Luciano Leggio - Life Imprisonment

Life Imprisonment

He was finally captured in Milan on May 16, 1974, local police having tracked him down by tapping his telephone. Leggio was finally sent off to serve his life sentence for the Navarra slaying.

He is believed to have retained significant influence from behind bars, as have many other mobsters after imprisonment. However, by the end of the 1970s, his lieutenant Salvatore Riina was in control of the Corleonesi clan.

Raised in poverty, Leggio was a multi-millionaire by the time of his arrest. At the time of his capture, Italian law did not yet allow authorities to confiscate criminals' illicit fortunes, although this has since changed.

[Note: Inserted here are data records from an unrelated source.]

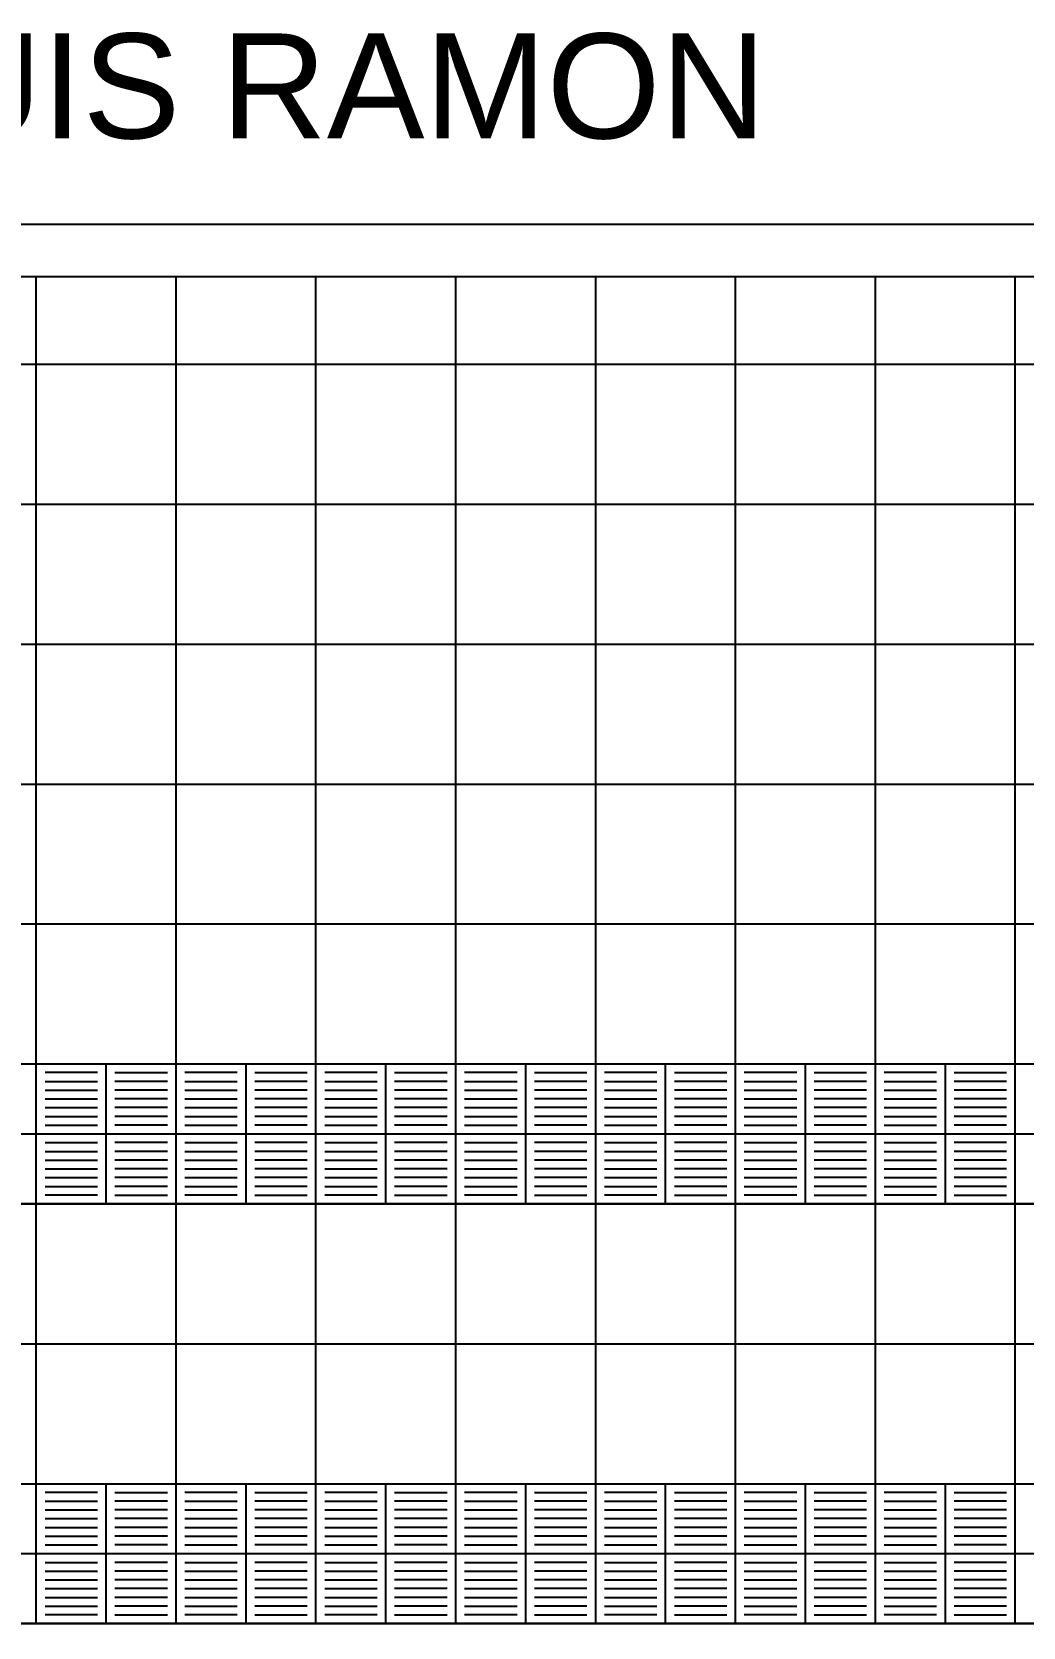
# Model space of a CAD drawing. Header units: inches. Extents: x -309 to 190, y -1585 to -1350.
# Drawn here: x -227.304 to -224.469, y -1375.298 to -1370.738 of the extents above; entities that cross this region are included whole.
import ezdxf
from ezdxf.lldxf.tags import DXFTag

# ---------------------------------------------------------------- set-up
doc = ezdxf.new("R2010")
doc.units = ezdxf.units.IN
doc.header["$MEASUREMENT"] = 0
doc.linetypes.add('CENTER2', pattern=[1.125, 0.75, -0.125, 0.125, -0.125])
doc.linetypes.add('HIDDEN', pattern=[0.375, 0.25, -0.125])
for name, color, linetype in [('CIEGOS', 9, 'CONTINUOUS'), ('DET', 9, 'CONTINUOUS'), ('lm', 9, 'HIDDEN'), ('NO VIDENTES', 9, 'CONTINUOUS'), ('PROY', 9, 'HIDDEN2'), ('TEXTVENT', 9, 'CONTINUOUS'), ('V2', 9, 'CONTINUOUS')]:
    doc.layers.add(name, color=color, linetype=linetype)
doc.styles.add('ARIAL', font='arial.ttf', dxfattribs={"height": 0.225})
tags = doc.linetypes.add('HIDDEN2', pattern=[0.1875, 0.125, -0.0625]).pattern_tags.tags
tags[6:7] = [DXFTag(74, 4), DXFTag(75, 0), DXFTag(340, '0'), DXFTag(46, 1.0), DXFTag(50, 0.0), DXFTag(44, 0.0), DXFTag(45, 0.0)]
tags[4:5] = [DXFTag(74, 4), DXFTag(75, 0), DXFTag(340, '0'), DXFTag(46, 1.0), DXFTag(50, 0.0), DXFTag(44, 0.0), DXFTag(45, 0.0)]

msp = doc.modelspace()

# ---------------------------------------------------------------- linework, layer by layer
at = {"layer": 'CIEGOS'}
for points in [[(-265.1546, -1373.6882), (-204.0052, -1373.6882)], [(-264.9889, -1374.0882), (-204.0644, -1374.0882)], [(-264.6575, -1374.8882), (-204.1827, -1374.8882)], [(-262.5318, -1375.2882), (-204.2418, -1375.2882)]]:
    msp.add_lwpolyline(points, dxfattribs=at)
at = {"layer": 'DET'}
for points in [[(-227.2918, -1375.2882), (-227.2918, -1371.4382)], [(-226.8918, -1375.2882), (-226.8918, -1371.4382)], [(-226.4918, -1375.2882), (-226.4918, -1371.4382)], [(-226.0918, -1375.2882), (-226.0918, -1371.4382)], [(-225.6918, -1375.2882), (-225.6918, -1371.4382)], [(-225.2918, -1375.2882), (-225.2918, -1371.4382)], [(-224.8918, -1375.2882), (-224.8918, -1371.4382)], [(-224.4918, -1375.2882), (-224.4918, -1371.4382)], [(-265.983, -1371.6882), (-203.7094, -1371.6882)], [(-228.4918, -1372.0882), (-211.6918, -1372.0882)], [(-265.6516, -1372.4882), (-203.8277, -1372.4882)], [(-265.486, -1372.8882), (-203.8883, -1372.8882)], [(-265.3203, -1373.2882), (-203.946, -1373.2882)], [(-227.0918, -1374.0882), (-227.0918, -1373.6882)], [(-226.6918, -1374.0882), (-226.6918, -1373.6882)], [(-226.2918, -1374.0882), (-226.2918, -1373.6882)], [(-225.8918, -1374.0882), (-225.8918, -1373.6882)], [(-225.4918, -1374.0882), (-225.4918, -1373.6882)], [(-225.0918, -1374.0882), (-225.0918, -1373.6882)], [(-224.6918, -1374.0882), (-224.6918, -1373.6882)], [(-265.0717, -1373.8882), (-204.0348, -1373.8882)], [(-264.8232, -1374.4882), (-204.1235, -1374.4882)], [(-227.0918, -1375.2882), (-227.0918, -1374.8882)], [(-226.6918, -1375.2882), (-226.6918, -1374.8882)], [(-226.2918, -1375.2882), (-226.2918, -1374.8882)], [(-225.8918, -1375.2882), (-225.8918, -1374.8882)], [(-225.4918, -1375.2882), (-225.4918, -1374.8882)], [(-225.0918, -1375.2882), (-225.0918, -1374.8882)], [(-224.6918, -1375.2882), (-224.6918, -1374.8882)], [(-264.5747, -1375.0882), (-204.2123, -1375.0882)]]:
    msp.add_lwpolyline(points, dxfattribs=at)
at = {"layer": 'lm', "linetype": 'CENTER2'}
msp.add_line((-268.7318, -1375.2882), (-201.8002, -1375.2882), dxfattribs=at)
msp.add_line((-268.7318, -1375.2882), (-201.8002, -1375.2882), dxfattribs=at)
at = {"layer": 'NO VIDENTES'}
for p, q in [((-227.1168, -1373.7132), (-227.2668, -1373.7132)), ((-227.0668, -1373.7132), (-226.9168, -1373.7132)), ((-226.7168, -1373.7132), (-226.8668, -1373.7132)), ((-226.6668, -1373.7132), (-226.5168, -1373.7132)), ((-226.3168, -1373.7132), (-226.4668, -1373.7132)), ((-226.2668, -1373.7132), (-226.1168, -1373.7132)), ((-225.9168, -1373.7132), (-226.0668, -1373.7132)), ((-225.8668, -1373.7132), (-225.7168, -1373.7132)), ((-225.5168, -1373.7132), (-225.6668, -1373.7132)), ((-225.4668, -1373.7132), (-225.3168, -1373.7132)), ((-225.1168, -1373.7132), (-225.2668, -1373.7132)), ((-225.0668, -1373.7132), (-224.9168, -1373.7132)), ((-224.7168, -1373.7132), (-224.8668, -1373.7132)), ((-224.6668, -1373.7132), (-224.5168, -1373.7132)), ((-227.2668, -1373.7382), (-227.1168, -1373.7382)), ((-227.2668, -1373.7632), (-227.1168, -1373.7632)), ((-226.9168, -1373.7382), (-227.0668, -1373.7382)), ((-226.9168, -1373.7632), (-227.0668, -1373.7632)), ((-226.8668, -1373.7382), (-226.7168, -1373.7382)), ((-226.8668, -1373.7632), (-226.7168, -1373.7632)), ((-226.5168, -1373.7382), (-226.6668, -1373.7382)), ((-226.5168, -1373.7632), (-226.6668, -1373.7632)), ((-226.4668, -1373.7382), (-226.3168, -1373.7382)), ((-226.4668, -1373.7632), (-226.3168, -1373.7632)), ((-226.1168, -1373.7382), (-226.2668, -1373.7382)), ((-226.1168, -1373.7632), (-226.2668, -1373.7632)), ((-226.0668, -1373.7382), (-225.9168, -1373.7382)), ((-226.0668, -1373.7632), (-225.9168, -1373.7632)), ((-225.7168, -1373.7382), (-225.8668, -1373.7382)), ((-225.7168, -1373.7632), (-225.8668, -1373.7632)), ((-225.6668, -1373.7382), (-225.5168, -1373.7382)), ((-225.6668, -1373.7632), (-225.5168, -1373.7632)), ((-225.3168, -1373.7382), (-225.4668, -1373.7382)), ((-225.3168, -1373.7632), (-225.4668, -1373.7632)), ((-225.2668, -1373.7382), (-225.1168, -1373.7382)), ((-225.2668, -1373.7632), (-225.1168, -1373.7632)), ((-224.9168, -1373.7382), (-225.0668, -1373.7382)), ((-224.9168, -1373.7632), (-225.0668, -1373.7632)), ((-224.8668, -1373.7382), (-224.7168, -1373.7382)), ((-224.8668, -1373.7632), (-224.7168, -1373.7632)), ((-224.5168, -1373.7382), (-224.6668, -1373.7382)), ((-224.5168, -1373.7632), (-224.6668, -1373.7632)), ((-227.2668, -1373.7882), (-227.1168, -1373.7882)), ((-227.2668, -1373.8132), (-227.1168, -1373.8132)), ((-226.9168, -1373.7882), (-227.0668, -1373.7882)), ((-226.9168, -1373.8132), (-227.0668, -1373.8132)), ((-226.8668, -1373.7882), (-226.7168, -1373.7882)), ((-226.8668, -1373.8132), (-226.7168, -1373.8132)), ((-226.5168, -1373.7882), (-226.6668, -1373.7882)), ((-226.5168, -1373.8132), (-226.6668, -1373.8132)), ((-226.4668, -1373.7882), (-226.3168, -1373.7882)), ((-226.4668, -1373.8132), (-226.3168, -1373.8132)), ((-226.1168, -1373.7882), (-226.2668, -1373.7882)), ((-226.1168, -1373.8132), (-226.2668, -1373.8132)), ((-226.0668, -1373.7882), (-225.9168, -1373.7882)), ((-226.0668, -1373.8132), (-225.9168, -1373.8132)), ((-225.7168, -1373.7882), (-225.8668, -1373.7882)), ((-225.7168, -1373.8132), (-225.8668, -1373.8132)), ((-225.6668, -1373.7882), (-225.5168, -1373.7882)), ((-225.6668, -1373.8132), (-225.5168, -1373.8132)), ((-225.3168, -1373.7882), (-225.4668, -1373.7882)), ((-225.3168, -1373.8132), (-225.4668, -1373.8132)), ((-225.2668, -1373.7882), (-225.1168, -1373.7882)), ((-225.2668, -1373.8132), (-225.1168, -1373.8132)), ((-224.9168, -1373.7882), (-225.0668, -1373.7882)), ((-224.9168, -1373.8132), (-225.0668, -1373.8132)), ((-224.8668, -1373.7882), (-224.7168, -1373.7882)), ((-224.8668, -1373.8132), (-224.7168, -1373.8132)), ((-224.5168, -1373.7882), (-224.6668, -1373.7882)), ((-224.5168, -1373.8132), (-224.6668, -1373.8132)), ((-227.2668, -1373.8382), (-227.1168, -1373.8382)), ((-227.2668, -1373.8632), (-227.1168, -1373.8632)), ((-226.9168, -1373.8382), (-227.0668, -1373.8382)), ((-226.9168, -1373.8632), (-227.0668, -1373.8632)), ((-226.8668, -1373.8382), (-226.7168, -1373.8382)), ((-226.8668, -1373.8632), (-226.7168, -1373.8632)), ((-226.5168, -1373.8382), (-226.6668, -1373.8382)), ((-226.5168, -1373.8632), (-226.6668, -1373.8632)), ((-226.4668, -1373.8382), (-226.3168, -1373.8382)), ((-226.4668, -1373.8632), (-226.3168, -1373.8632)), ((-226.1168, -1373.8382), (-226.2668, -1373.8382)), ((-226.1168, -1373.8632), (-226.2668, -1373.8632)), ((-226.0668, -1373.8382), (-225.9168, -1373.8382)), ((-226.0668, -1373.8632), (-225.9168, -1373.8632)), ((-225.7168, -1373.8382), (-225.8668, -1373.8382)), ((-225.7168, -1373.8632), (-225.8668, -1373.8632)), ((-225.6668, -1373.8382), (-225.5168, -1373.8382)), ((-225.6668, -1373.8632), (-225.5168, -1373.8632)), ((-225.3168, -1373.8382), (-225.4668, -1373.8382)), ((-225.3168, -1373.8632), (-225.4668, -1373.8632)), ((-225.2668, -1373.8382), (-225.1168, -1373.8382)), ((-225.2668, -1373.8632), (-225.1168, -1373.8632)), ((-224.9168, -1373.8382), (-225.0668, -1373.8382)), ((-224.9168, -1373.8632), (-225.0668, -1373.8632)), ((-224.8668, -1373.8382), (-224.7168, -1373.8382)), ((-224.8668, -1373.8632), (-224.7168, -1373.8632)), ((-224.5168, -1373.8382), (-224.6668, -1373.8382)), ((-224.5168, -1373.8632), (-224.6668, -1373.8632)), ((-227.2668, -1373.9132), (-227.1168, -1373.9132)), ((-226.9168, -1373.9132), (-227.0668, -1373.9132)), ((-226.8668, -1373.9132), (-226.7168, -1373.9132)), ((-226.5168, -1373.9132), (-226.6668, -1373.9132)), ((-226.4668, -1373.9132), (-226.3168, -1373.9132)), ((-226.1168, -1373.9132), (-226.2668, -1373.9132)), ((-226.0668, -1373.9132), (-225.9168, -1373.9132)), ((-225.7168, -1373.9132), (-225.8668, -1373.9132)), ((-225.6668, -1373.9132), (-225.5168, -1373.9132)), ((-225.3168, -1373.9132), (-225.4668, -1373.9132)), ((-225.2668, -1373.9132), (-225.1168, -1373.9132)), ((-224.9168, -1373.9132), (-225.0668, -1373.9132)), ((-224.8668, -1373.9132), (-224.7168, -1373.9132)), ((-224.5168, -1373.9132), (-224.6668, -1373.9132)), ((-227.2668, -1373.9382), (-227.1168, -1373.9382)), ((-226.9168, -1373.9382), (-227.0668, -1373.9382)), ((-226.8668, -1373.9382), (-226.7168, -1373.9382)), ((-226.5168, -1373.9382), (-226.6668, -1373.9382)), ((-226.4668, -1373.9382), (-226.3168, -1373.9382)), ((-226.1168, -1373.9382), (-226.2668, -1373.9382)), ((-226.0668, -1373.9382), (-225.9168, -1373.9382)), ((-225.7168, -1373.9382), (-225.8668, -1373.9382)), ((-225.6668, -1373.9382), (-225.5168, -1373.9382)), ((-225.3168, -1373.9382), (-225.4668, -1373.9382)), ((-225.2668, -1373.9382), (-225.1168, -1373.9382)), ((-224.9168, -1373.9382), (-225.0668, -1373.9382)), ((-224.8668, -1373.9382), (-224.7168, -1373.9382)), ((-224.5168, -1373.9382), (-224.6668, -1373.9382)), ((-227.2668, -1373.9632), (-227.1168, -1373.9632)), ((-227.2668, -1373.9882), (-227.1168, -1373.9882)), ((-226.9168, -1373.9632), (-227.0668, -1373.9632)), ((-226.9168, -1373.9882), (-227.0668, -1373.9882)), ((-226.8668, -1373.9632), (-226.7168, -1373.9632)), ((-226.8668, -1373.9882), (-226.7168, -1373.9882)), ((-226.5168, -1373.9632), (-226.6668, -1373.9632)), ((-226.5168, -1373.9882), (-226.6668, -1373.9882)), ((-226.4668, -1373.9632), (-226.3168, -1373.9632)), ((-226.4668, -1373.9882), (-226.3168, -1373.9882)), ((-226.1168, -1373.9632), (-226.2668, -1373.9632)), ((-226.1168, -1373.9882), (-226.2668, -1373.9882)), ((-226.0668, -1373.9632), (-225.9168, -1373.9632)), ((-226.0668, -1373.9882), (-225.9168, -1373.9882)), ((-225.7168, -1373.9632), (-225.8668, -1373.9632)), ((-225.7168, -1373.9882), (-225.8668, -1373.9882)), ((-225.6668, -1373.9632), (-225.5168, -1373.9632)), ((-225.6668, -1373.9882), (-225.5168, -1373.9882)), ((-225.3168, -1373.9632), (-225.4668, -1373.9632)), ((-225.3168, -1373.9882), (-225.4668, -1373.9882)), ((-225.2668, -1373.9632), (-225.1168, -1373.9632)), ((-225.2668, -1373.9882), (-225.1168, -1373.9882)), ((-224.9168, -1373.9632), (-225.0668, -1373.9632)), ((-224.9168, -1373.9882), (-225.0668, -1373.9882)), ((-224.8668, -1373.9632), (-224.7168, -1373.9632)), ((-224.8668, -1373.9882), (-224.7168, -1373.9882)), ((-224.5168, -1373.9632), (-224.6668, -1373.9632)), ((-224.5168, -1373.9882), (-224.6668, -1373.9882)), ((-227.2668, -1374.0132), (-227.1168, -1374.0132)), ((-227.2668, -1374.0382), (-227.1168, -1374.0382)), ((-226.9168, -1374.0132), (-227.0668, -1374.0132)), ((-226.9168, -1374.0382), (-227.0668, -1374.0382)), ((-226.8668, -1374.0132), (-226.7168, -1374.0132)), ((-226.8668, -1374.0382), (-226.7168, -1374.0382)), ((-226.5168, -1374.0132), (-226.6668, -1374.0132)), ((-226.5168, -1374.0382), (-226.6668, -1374.0382)), ((-226.4668, -1374.0132), (-226.3168, -1374.0132)), ((-226.4668, -1374.0382), (-226.3168, -1374.0382)), ((-226.1168, -1374.0132), (-226.2668, -1374.0132)), ((-226.1168, -1374.0382), (-226.2668, -1374.0382)), ((-226.0668, -1374.0132), (-225.9168, -1374.0132)), ((-226.0668, -1374.0382), (-225.9168, -1374.0382)), ((-225.7168, -1374.0132), (-225.8668, -1374.0132)), ((-225.7168, -1374.0382), (-225.8668, -1374.0382)), ((-225.6668, -1374.0132), (-225.5168, -1374.0132)), ((-225.6668, -1374.0382), (-225.5168, -1374.0382)), ((-225.3168, -1374.0132), (-225.4668, -1374.0132)), ((-225.3168, -1374.0382), (-225.4668, -1374.0382)), ((-225.2668, -1374.0132), (-225.1168, -1374.0132)), ((-225.2668, -1374.0382), (-225.1168, -1374.0382)), ((-224.9168, -1374.0132), (-225.0668, -1374.0132)), ((-224.9168, -1374.0382), (-225.0668, -1374.0382)), ((-224.8668, -1374.0132), (-224.7168, -1374.0132)), ((-224.8668, -1374.0382), (-224.7168, -1374.0382)), ((-224.5168, -1374.0132), (-224.6668, -1374.0132)), ((-224.5168, -1374.0382), (-224.6668, -1374.0382)), ((-227.1168, -1374.0632), (-227.2668, -1374.0632)), ((-227.0668, -1374.0632), (-226.9168, -1374.0632)), ((-226.7168, -1374.0632), (-226.8668, -1374.0632)), ((-226.6668, -1374.0632), (-226.5168, -1374.0632)), ((-226.3168, -1374.0632), (-226.4668, -1374.0632)), ((-226.2668, -1374.0632), (-226.1168, -1374.0632)), ((-225.9168, -1374.0632), (-226.0668, -1374.0632)), ((-225.8668, -1374.0632), (-225.7168, -1374.0632)), ((-225.5168, -1374.0632), (-225.6668, -1374.0632)), ((-225.4668, -1374.0632), (-225.3168, -1374.0632)), ((-225.1168, -1374.0632), (-225.2668, -1374.0632)), ((-225.0668, -1374.0632), (-224.9168, -1374.0632)), ((-224.7168, -1374.0632), (-224.8668, -1374.0632)), ((-224.6668, -1374.0632), (-224.5168, -1374.0632)), ((-227.1168, -1374.9132), (-227.2668, -1374.9132)), ((-227.0668, -1374.9132), (-226.9168, -1374.9132)), ((-226.7168, -1374.9132), (-226.8668, -1374.9132)), ((-226.6668, -1374.9132), (-226.5168, -1374.9132)), ((-226.3168, -1374.9132), (-226.4668, -1374.9132)), ((-226.2668, -1374.9132), (-226.1168, -1374.9132)), ((-225.9168, -1374.9132), (-226.0668, -1374.9132)), ((-225.8668, -1374.9132), (-225.7168, -1374.9132)), ((-225.5168, -1374.9132), (-225.6668, -1374.9132)), ((-225.4668, -1374.9132), (-225.3168, -1374.9132)), ((-225.1168, -1374.9132), (-225.2668, -1374.9132)), ((-225.0668, -1374.9132), (-224.9168, -1374.9132)), ((-224.7168, -1374.9132), (-224.8668, -1374.9132)), ((-224.6668, -1374.9132), (-224.5168, -1374.9132)), ((-227.2668, -1374.9382), (-227.1168, -1374.9382)), ((-226.9168, -1374.9382), (-227.0668, -1374.9382)), ((-226.8668, -1374.9382), (-226.7168, -1374.9382)), ((-226.5168, -1374.9382), (-226.6668, -1374.9382)), ((-226.4668, -1374.9382), (-226.3168, -1374.9382)), ((-226.1168, -1374.9382), (-226.2668, -1374.9382)), ((-226.0668, -1374.9382), (-225.9168, -1374.9382)), ((-225.7168, -1374.9382), (-225.8668, -1374.9382)), ((-225.6668, -1374.9382), (-225.5168, -1374.9382)), ((-225.3168, -1374.9382), (-225.4668, -1374.9382)), ((-225.2668, -1374.9382), (-225.1168, -1374.9382)), ((-224.9168, -1374.9382), (-225.0668, -1374.9382)), ((-224.8668, -1374.9382), (-224.7168, -1374.9382)), ((-224.5168, -1374.9382), (-224.6668, -1374.9382)), ((-227.2668, -1374.9632), (-227.1168, -1374.9632)), ((-227.2668, -1374.9882), (-227.1168, -1374.9882)), ((-226.9168, -1374.9632), (-227.0668, -1374.9632)), ((-226.9168, -1374.9882), (-227.0668, -1374.9882)), ((-226.8668, -1374.9632), (-226.7168, -1374.9632)), ((-226.8668, -1374.9882), (-226.7168, -1374.9882)), ((-226.5168, -1374.9632), (-226.6668, -1374.9632)), ((-226.5168, -1374.9882), (-226.6668, -1374.9882)), ((-226.4668, -1374.9632), (-226.3168, -1374.9632)), ((-226.4668, -1374.9882), (-226.3168, -1374.9882)), ((-226.1168, -1374.9632), (-226.2668, -1374.9632)), ((-226.1168, -1374.9882), (-226.2668, -1374.9882)), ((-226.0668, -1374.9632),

He was tried with a number of others in 1977 for previous crimes on the testimony of Leonardo Vitale; he was acquitted with all but one of the others (Vitale's uncle) when Leonardo Vitale's mental state was called into question.

In the Maxi Trial of 1986/1987, Leggio faced charges of helping to run the Corleonesi from behind bars, including the accusation that he ordered the murder of prosecutor Cesare Terranova, who was shot dead in 1979. He acted as his own lawyer and defended himself, cross examining Tommaso Buscetta and other pentiti. He claimed he had been framed for political reasons. He was eventually acquitted of all charges due to lack of evidence, although he still had his life-sentence to serve and was returned to a maximum security prison in Sardinia, where he indulged in his hobby of painting, in particular landscapes.

On November 16, 1993, he died in prison from a heart attack, aged sixty-eight. He is buried in Corleone.